Ah gotcha! I'll have to put Ark I to use on the track I'm working on. I actually really like the Strings, Choir, and Percussion from that library but I think I see what you mean. I think that's why I find Ark IV so satisfying - It isn't quite as easy to use out of the box but it's been really rewarding getting to know it better over the last year and since I layer everything kind of densely the smaller ensembles help balance out my bombastic impulses... a little. I have most of the catalogue of Orchestral Tools libraries and I'm pretty sure that's my favorite.

Gotta say - I think VSL might have claimed the sexiest articulation category with "Sforzandissimo" though. I'm a fan.

Anything beyond that will just have to have a modifier like "+10 Sforzandissimo with 50% Fire Resist"


----------



## QuiteAlright (Dec 6, 2021)

Hey there, I'd love to hear "the man with the machine gun" if you're still intending to go through more of the FF themes. I've never played any FF game personally, but there's a wonderful acapella cover of that track in particular on YouTube which really put me on to the soundtrack.


----------



## dhmusic (Dec 6, 2021)

QuiteAlright said:


> Hey there, I'd love to hear "the man with the machine gun" if you're still intending to go through more of the FF themes. I've never played any FF game personally, but there's a wonderful acapella cover of that track in particular on YouTube which really put me on to the soundtrack.


I was about halfway done with it a while back. I was working on the Distant Worlds version for live orchestra. It's great but I got distracted by other tracks before I finished transcribing it. I have a bunch finished that just haven't posted yet for whatever reason. I'll def get to that one eventually, thanks for listening


----------



## FredericBernard (Dec 7, 2021)

...the memories!! (for the best Final Fantasy in the whole series, IMO) 
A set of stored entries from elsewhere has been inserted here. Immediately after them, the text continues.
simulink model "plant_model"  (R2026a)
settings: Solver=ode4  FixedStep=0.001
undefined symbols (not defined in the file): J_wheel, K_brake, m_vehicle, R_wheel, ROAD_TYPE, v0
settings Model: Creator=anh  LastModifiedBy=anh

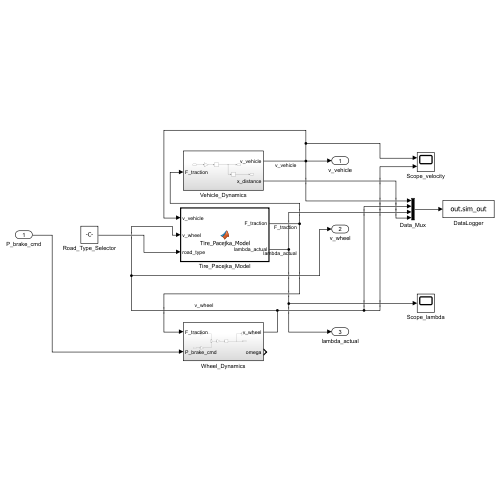
[thumbnail: Simulink's stored preview of the top-level diagram]
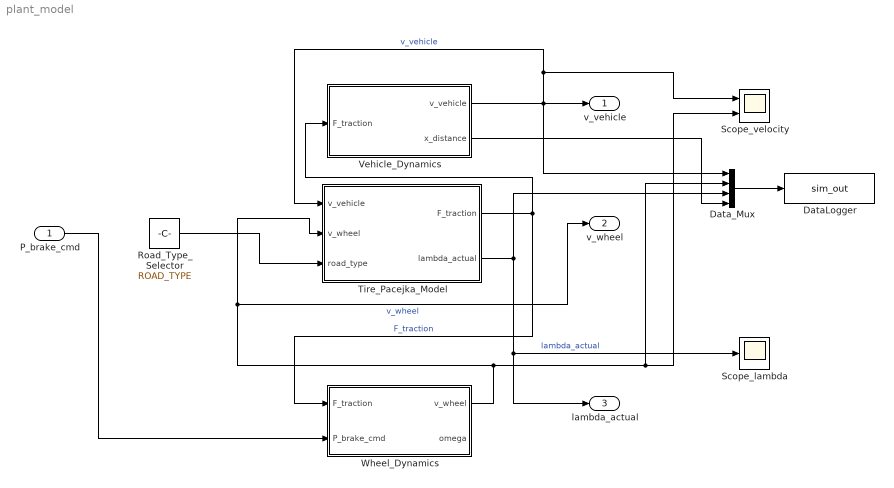
== system plant_model ==
  P_brake_cmd : Inport
  DataLogger : ToWorkspace  VariableName=sim_out  SaveFormat=Structure With Time  SampleTime=-1
  Data_Mux : Mux
  Road_Type_Selector : Constant  Value=ROAD_TYPE
  Scope_lambda : Scope
      settings: ActiveDisplayYMinimum=-0.12499999999999997  ActiveDisplayYMaximum=1.125
  Scope_velocity : Scope  NumInputPorts=2
      settings: ActiveDisplayYMinimum=-3.4722222222222214  ActiveDisplayYMaximum=31.25
  Tire_Pacejka_Model : MATLAB Function  TreatAsAtomicUnit=on
  Vehicle_Dynamics : Subsystem
  Wheel_Dynamics : Subsystem
  v_vehicle : Outport
  v_wheel : Outport  Port=2
  lambda_actual : Outport  Port=3
  wires:
  Road_Type_Selector/1 -> Tire_Pacejka_Model/3(road_type)
  Tire_Pacejka_Model/1(F_traction) -> Vehicle_Dynamics/1(F_traction), Wheel_Dynamics/1(F_traction)  "F_traction"
  Vehicle_Dynamics/1(v_vehicle) -> Tire_Pacejka_Model/1(v_vehicle), Scope_velocity/1, v_vehicle/1, Data_Mux/1  "v_vehicle"
  Wheel_Dynamics/1(v_wheel) -> Data_Mux/2, Scope_velocity/2, v_wheel/1, Tire_Pacejka_Model/2(v_wheel)  "v_wheel"
  Tire_Pacejka_Model/2(lambda_actual) -> Scope_lambda/1, lambda_actual/1, Data_Mux/3  "lambda_actual"
  Vehicle_Dynamics/2(x_distance) -> Data_Mux/4
  Data_Mux/1 -> DataLogger/1
  P_brake_cmd/1 -> Wheel_Dynamics/2(P_brake_cmd)

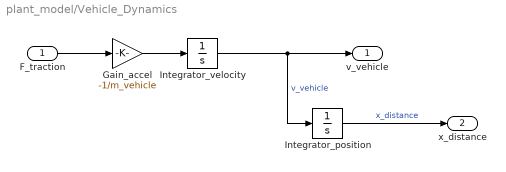
== system plant_model/Vehicle_Dynamics ==
  F_traction : Inport
  Gain_accel : Gain  Gain=-1/m_vehicle
  Integrator_position : Integrator
  Integrator_velocity : Integrator  InitialCondition=v0  LimitOutput=on  LowerSaturationLimit=0
  v_vehicle : Outport
  x_distance : Outport  Port=2
  wires:
  F_traction/1 -> Gain_accel/1
  Gain_accel/1 -> Integrator_velocity/1
  Integrator_velocity/1 -> v_vehicle/1, Integrator_position/1  "v_vehicle"
  Integrator_position/1 -> x_distance/1  "x_distance"

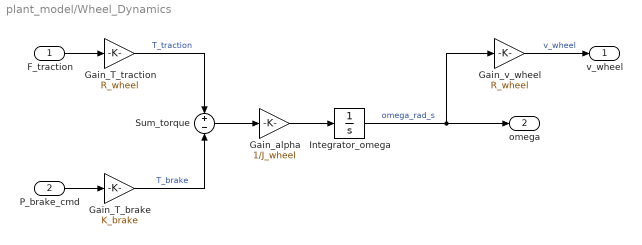
== system plant_model/Wheel_Dynamics ==
  F_traction : Inport
  P_brake_cmd : Inport  Port=2
  Gain_T_brake : Gain  Gain=K_brake
  Gain_T_traction : Gain  Gain=R_wheel
  Gain_alpha : Gain  Gain=1/J_wheel
  Gain_v_wheel : Gain  Gain=R_wheel
  Integrator_omega : Integrator  InitialCondition=v0 / R_wheel  LimitOutput=on  LowerSaturationLimit=0
  Sum_torque : Sum  Inputs=+-
  v_wheel : Outport
  omega : Outport  Port=2
  wires:
  F_traction/1 -> Gain_T_traction/1
  P_brake_cmd/1 -> Gain_T_brake/1
  Gain_T_traction/1 -> Sum_torque/1  "T_traction"
  Gain_T_brake/1 -> Sum_torque/2  "T_brake"
  Sum_torque/1 -> Gain_alpha/1
  Gain_alpha/1 -> Integrator_omega/1
  Integrator_omega/1 -> omega/1, Gain_v_wheel/1  "omega_rad_s"
  Gain_v_wheel/1 -> v_wheel/1  "v_wheel"

== matlab function plant_model/Tire_Pacejka_Model ==
  data: v_vehicle input; F_traction output; v_wheel input; road_type input; lambda_actual output
function [F_traction, lambda_actual] = Tire_Pacejka_Model(v_vehicle, v_wheel, road_type)
%TIRE_PACEJKA_MODEL  Tinh luc keo (F_traction) va slip ratio thuc te (lambda_actual).
%
%  Inputs:
%    v_vehicle   - Van toc xe (than xe) [m/s]
%    v_wheel     - Van toc tuyen tinh banh xe [m/s]
%    road_type   - Loai mat duong: 1=Kho, 2=Uot, 3=Da soi
%
%  Outputs:
%    F_traction  - Luc keo tu lop [N]  (can chuyen dong)
%    lambda_actual - Slip ratio thuc te [-], pham vi [0, 1]
%
%  Thong so vat ly khop voi init_params.m:
%    m_vehicle = 612.5 kg (khoi luong 1/4 xe Ford Everest)
%    g         = 9.81 m/s2

%% Thong so vat ly (hardcode de tuong thich voi code generation)
m_veh = 612.5;   % [kg]
g     = 9.81;    % [m/s2]

%% Tinh slip ratio (co bao ve chia cho 0)
if v_vehicle < 0.1
    % Xe da dung hoac gan dung: khong co slip co nghia
    lambda_actual = 0.0;
else
    lambda_actual = (v_vehicle - v_wheel) / v_vehicle;
end

% Clamp vao pham vi vat ly [0, 1]
lambda_actual = max(0.0, min(1.0, lambda_actual));

%% Chon tham so Pacejka theo loai mat duong
switch road_type
    case 1   % Nhua kho (Dry Asphalt)
        B = 10.0;  C = 1.90;  D = 0.90;  E = 0.97;
    case 2   % Nhua uot (Wet Asphalt)
        B = 8.0;   C = 1.70;  D = 0.50;  E = 0.80;
    case 3   % Da soi / Bang tuyet (Gravel / Ice)
        B = 6.0;   C = 1.50;  D = 0.30;  E = 0.60;
    otherwise
        % Default: nhua kho
        B = 10.0;  C = 1.90;  D = 0.90;  E = 0.97;
end

%% Pacejka Magic Formula
% mu(lambda) = D * sin(C * atan(B*lambda - E*(B*lambda - atan(B*lambda))))
phi = B * lambda_actual;
mu  = D * sin(C * atan(phi - E * (phi - atan(phi))));
mu  = max(0.0, mu);   % He so ma sat khong the am

%% Luc keo tu lop len mat duong
F_traction = mu * m_veh * g;   % [N]

end
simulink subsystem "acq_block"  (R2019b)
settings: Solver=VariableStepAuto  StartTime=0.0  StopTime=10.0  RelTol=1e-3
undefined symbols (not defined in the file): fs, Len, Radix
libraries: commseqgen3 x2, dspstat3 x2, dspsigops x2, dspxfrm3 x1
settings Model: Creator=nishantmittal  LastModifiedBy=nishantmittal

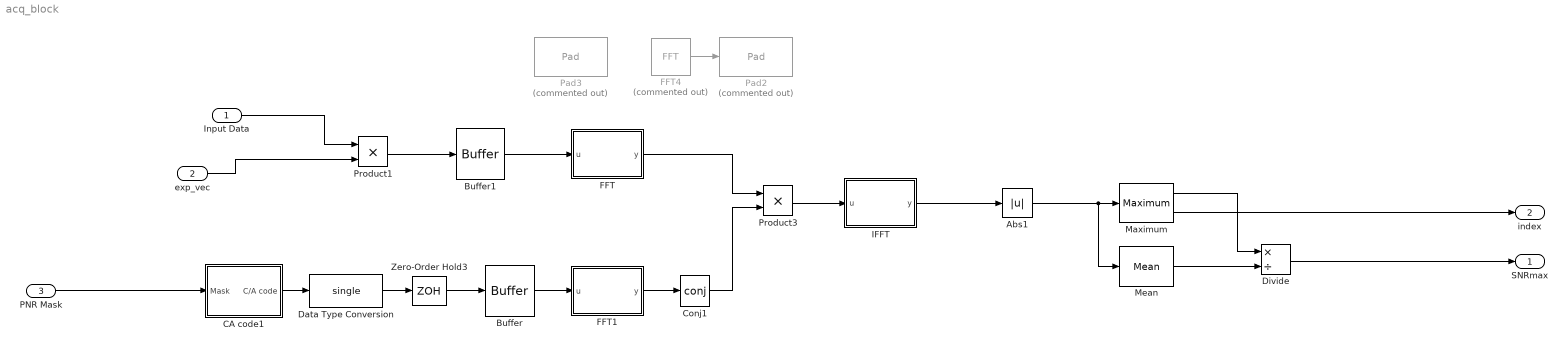
== system acq_block ==
  "Input Data " : Inport
  exp_vec : Inport  Port=2
  PNR Mask : Inport  Port=3
  Abs1 : Abs
  Buffer : Buffer  N=Len  ic=1  OutputFrames=off
  Buffer1 : Buffer  N=Len  ic=1  OutputFrames=off
  CA code1 : Subsystem
  Conj1 : Math  Operator=conj  SignedPower=off  SaturateOnIntegerOverflow=on
  Data Type Conversion : DataTypeConversion  OutDataTypeStr=single
  Divide : Product  Inputs=*/
  FFT : MATLAB Function  TreatAsAtomicUnit=on
  FFT1 : MATLAB Function  TreatAsAtomicUnit=on
  FFT4 : dspxfrm3/FFT  Commented=on  FFTImplementation=Radix-2  CompMethod=Table lookup  TableOpt=NEW  TableOptActive=Speed  BitRevOrder=off  Normalize=off  InheritFFTLength=off  FFTLength=2^15  WrapInput=on  roundingMode=Floor  overflowMode=off  firstCoeffDataTypeStr=Inherit: Same word length as input  firstCoeffLastDataTypeStr=Inherit: Same word length as input  outputMin=[]  outputMax=[]
  IFFT : MATLAB Function  TreatAsAtomicUnit=on
  Maximum : dspstat3/Maximum  operation=maximum  fcn=Value and Index  indexBase=One  operateOver=Each column  Dimension=1  InputProcessing=Columns as channels (frame based)  reset=None  roiEnable=off  roiType=Rectangles  roiPortion=Entire ROI  roiOutput=Individual statistics for each ROI  roiFlag=off  roundingMode=Floor  overflowMode=off  accumDataTypeStr=Inherit: Same as product output  accumLastDataTypeStr=Inherit: Same as product output
  Mean : dspstat3/Mean  run=off  InputProcessing=Columns as channels (frame based)  reset_popup=None  directionMode=Each column  dimension=1  roiEnable=off  roiType=Rectangles  roiPortion=Entire ROI  roiOutput=Individual statistics for each ROI  roiFlag=off  roundingMode=Floor  overflowMode=off  outputDataTypeStr=Inherit: Same as accumulator  outputMin=[]  outputMax=[]  outputLastDataTypeStr=Inherit: Same as accumulator
  Pad2 : dspsigops/Pad  Commented=on  padAlong=Columns  dimsToPad=1  valSrc=Specify via dialog  padVal=0  spec=Output size  padNumOutRowsSpecMethod=Next power of two  numOutRows=1  padNumOutColsSpecMethod=Next power of two  numOutCols=1  isVarDimsMode=off  padBeginning=0  padEnd=0  outSizeMode=User-specified  outSize=1  padSigAt=End  trunc_flag=None  roundingMode=Floor  overflowMode=off  truncOrWrapMode=Truncate  wrap_flag=None
      settings: SourceProductName=DSP System Toolbox  SourceProductBaseCode=DS
  Pad3 : dspsigops/Pad  Commented=on  padAlong=Columns  dimsToPad=1  valSrc=Specify via dialog  padVal=0  spec=Output size  padNumOutRowsSpecMethod=Next power of two  numOutRows=1  padNumOutColsSpecMethod=Next power of two  numOutCols=1  isVarDimsMode=off  padBeginning=0  padEnd=0  outSizeMode=User-specified  outSize=1  padSigAt=End  trunc_flag=None  roundingMode=Floor  overflowMode=off  truncOrWrapMode=Truncate  wrap_flag=None
      settings: SourceProductName=DSP System Toolbox  SourceProductBaseCode=DS
  Product1 : Product
  Product3 : Product
  Zero-Order Hold3 : ZeroOrderHold  SampleTime=1/fs
  SNRmax : Outport
  index : Outport  Port=2
  wires:
  Data Type Conversion/1 -> Zero-Order Hold3/1
  "Input Data "/1 -> Product1/1
  Product1/1 -> Buffer1/1
  Zero-Order Hold3/1 -> Buffer/1
  Abs1/1 -> Mean/1, Maximum/1
  CA code1/1(C/A code) -> Data Type Conversion/1
  PNR Mask/1 -> CA code1/1(Mask)
  exp_vec/1 -> Product1/2
  Maximum/1 -> Divide/1
  Mean/1 -> Divide/2
  Divide/1 -> SNRmax/1
  FFT4/1 -> Pad2/1
  Buffer1/1 -> FFT/1(u)
  Buffer/1 -> FFT1/1(u)
  FFT1/1(y) -> Conj1/1
  FFT/1(y) -> Product3/1
  Conj1/1 -> Product3/2
  Product3/1 -> IFFT/1(u)
  IFFT/1(y) -> Abs1/1
  Maximum/2 -> index/1

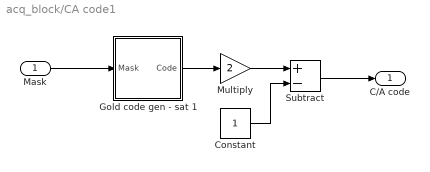
== system acq_block/CA code1 ==
  Mask : Inport
  Constant : Constant
  Gold code gen - sat 1 : Subsystem
  Multiply : Gain  Gain=2
  Subtract : Sum  Inputs=+-
  C/A code : Outport
  wires:
  Subtract/1 -> C/A code/1
  Multiply/1 -> Subtract/1
  Gold code gen - sat 1/1(Code) -> Multiply/1
  Constant/1 -> Subtract/2
  Mask/1 -> Gold code gen - sat 1/1(Mask)

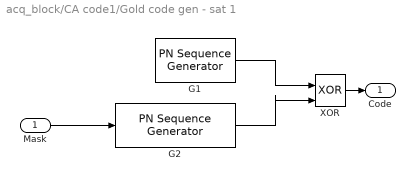
== system acq_block/CA code1/Gold code gen - sat 1 ==
  Mask : Inport
  G1 : commseqgen3/PN Sequence Generator  poly=[10 7 0]  ini_sta=[1 1 1 1 1 1 1 1 1 1]  outBitMaskSource=Dialog parameter  shift=[0 0 0 0 0 0 0 0 0 1]  outVarSiz=off  maxOutSizeMode=Dialog parameter  maxOutSize=[10 1]  Ts=1/(1.023e6)  sampPerFrame=1  reset=off  bitPackedOutputs=off  outDataType=boolean  numPackedBits=8  bitPackDataSigned=off  bitPackedOutDType=double
      settings: SourceProductName=Communications Toolbox
  G2 : commseqgen3/PN Sequence Generator  poly=[10 8 7 4 2 1 0]  ini_sta=[1 1 1 1 1 1 1 1 1 1]  outBitMaskSource=Input port  shift=[0 1 0 0 0 1 0 0 0 0]  outVarSiz=off  maxOutSizeMode=Dialog parameter  maxOutSize=[10 1]  Ts=1/(1.023e6)  sampPerFrame=1  reset=off  bitPackedOutputs=off  outDataType=boolean  numPackedBits=8  bitPackDataSigned=off  bitPackedOutDType=double
      settings: SourceProductName=Communications Toolbox
  XOR : Logic  Operator=XOR  IconShape=distinctive  AllPortsSameDT=off  OutDataTypeStr=boolean
  Code : Outport
  wires:
  G2/1 -> XOR/2
  XOR/1 -> Code/1
  G1/1 -> XOR/1
  Mask/1 -> G2/1

== matlab function acq_block/FFT ==
  data: u input; y output
function y = fcn(u)

y = fft(u);

== matlab function acq_block/FFT1 ==
  data: u input; y output
function y = fcn(u)

y = fft(u);

== matlab function acq_block/IFFT ==
  data: u input; y output
function y = fcn(u)

y = ifft(u);

Excellent work, absolutely love this! 

-Frederic


----------



## dhmusic (Jun 16, 2022)

Updated link:


----------



## VSTHero (Jun 22, 2022)

Amazed you did all this in one (very long) day! Sounds great!


----------



## Jita (Jun 23, 2022)

Fantastic rendition once again, you're very good at this! It reminds me of the time when I played this game for the first time. The game wasn't that good IIRC but the music was marvelous.


----------



## FredericBernard (Jun 23, 2022)

Jita said:


> Fantastic rendition once again, you're very good at this! It reminds me of the time when I played this game for the first time. The game wasn't that good IIRC but the music was marvelous.


Holy moly, yes! Pity that only three (?) tracks (Intro, Ending, Eyes on Me) were actually realized with a real orchestra. 

Legendary game, as well as the cover by the OP.


----------



## FauxGreer (Jun 24, 2022)

Wow, I really love how the texture/details of the strings aren't lost in the mix! Grace note additions to the melody line are handled really well, too.

My only suggestion would be to consider adding cymbal crashes for punctuation.


----------



## Per Lichtman (Jun 26, 2022)

I enjoyed listening to your rendition. Would love to hear your take on “Force Your Way” but the link in your signature leads to “Don’t Be Afraid” at the moment. 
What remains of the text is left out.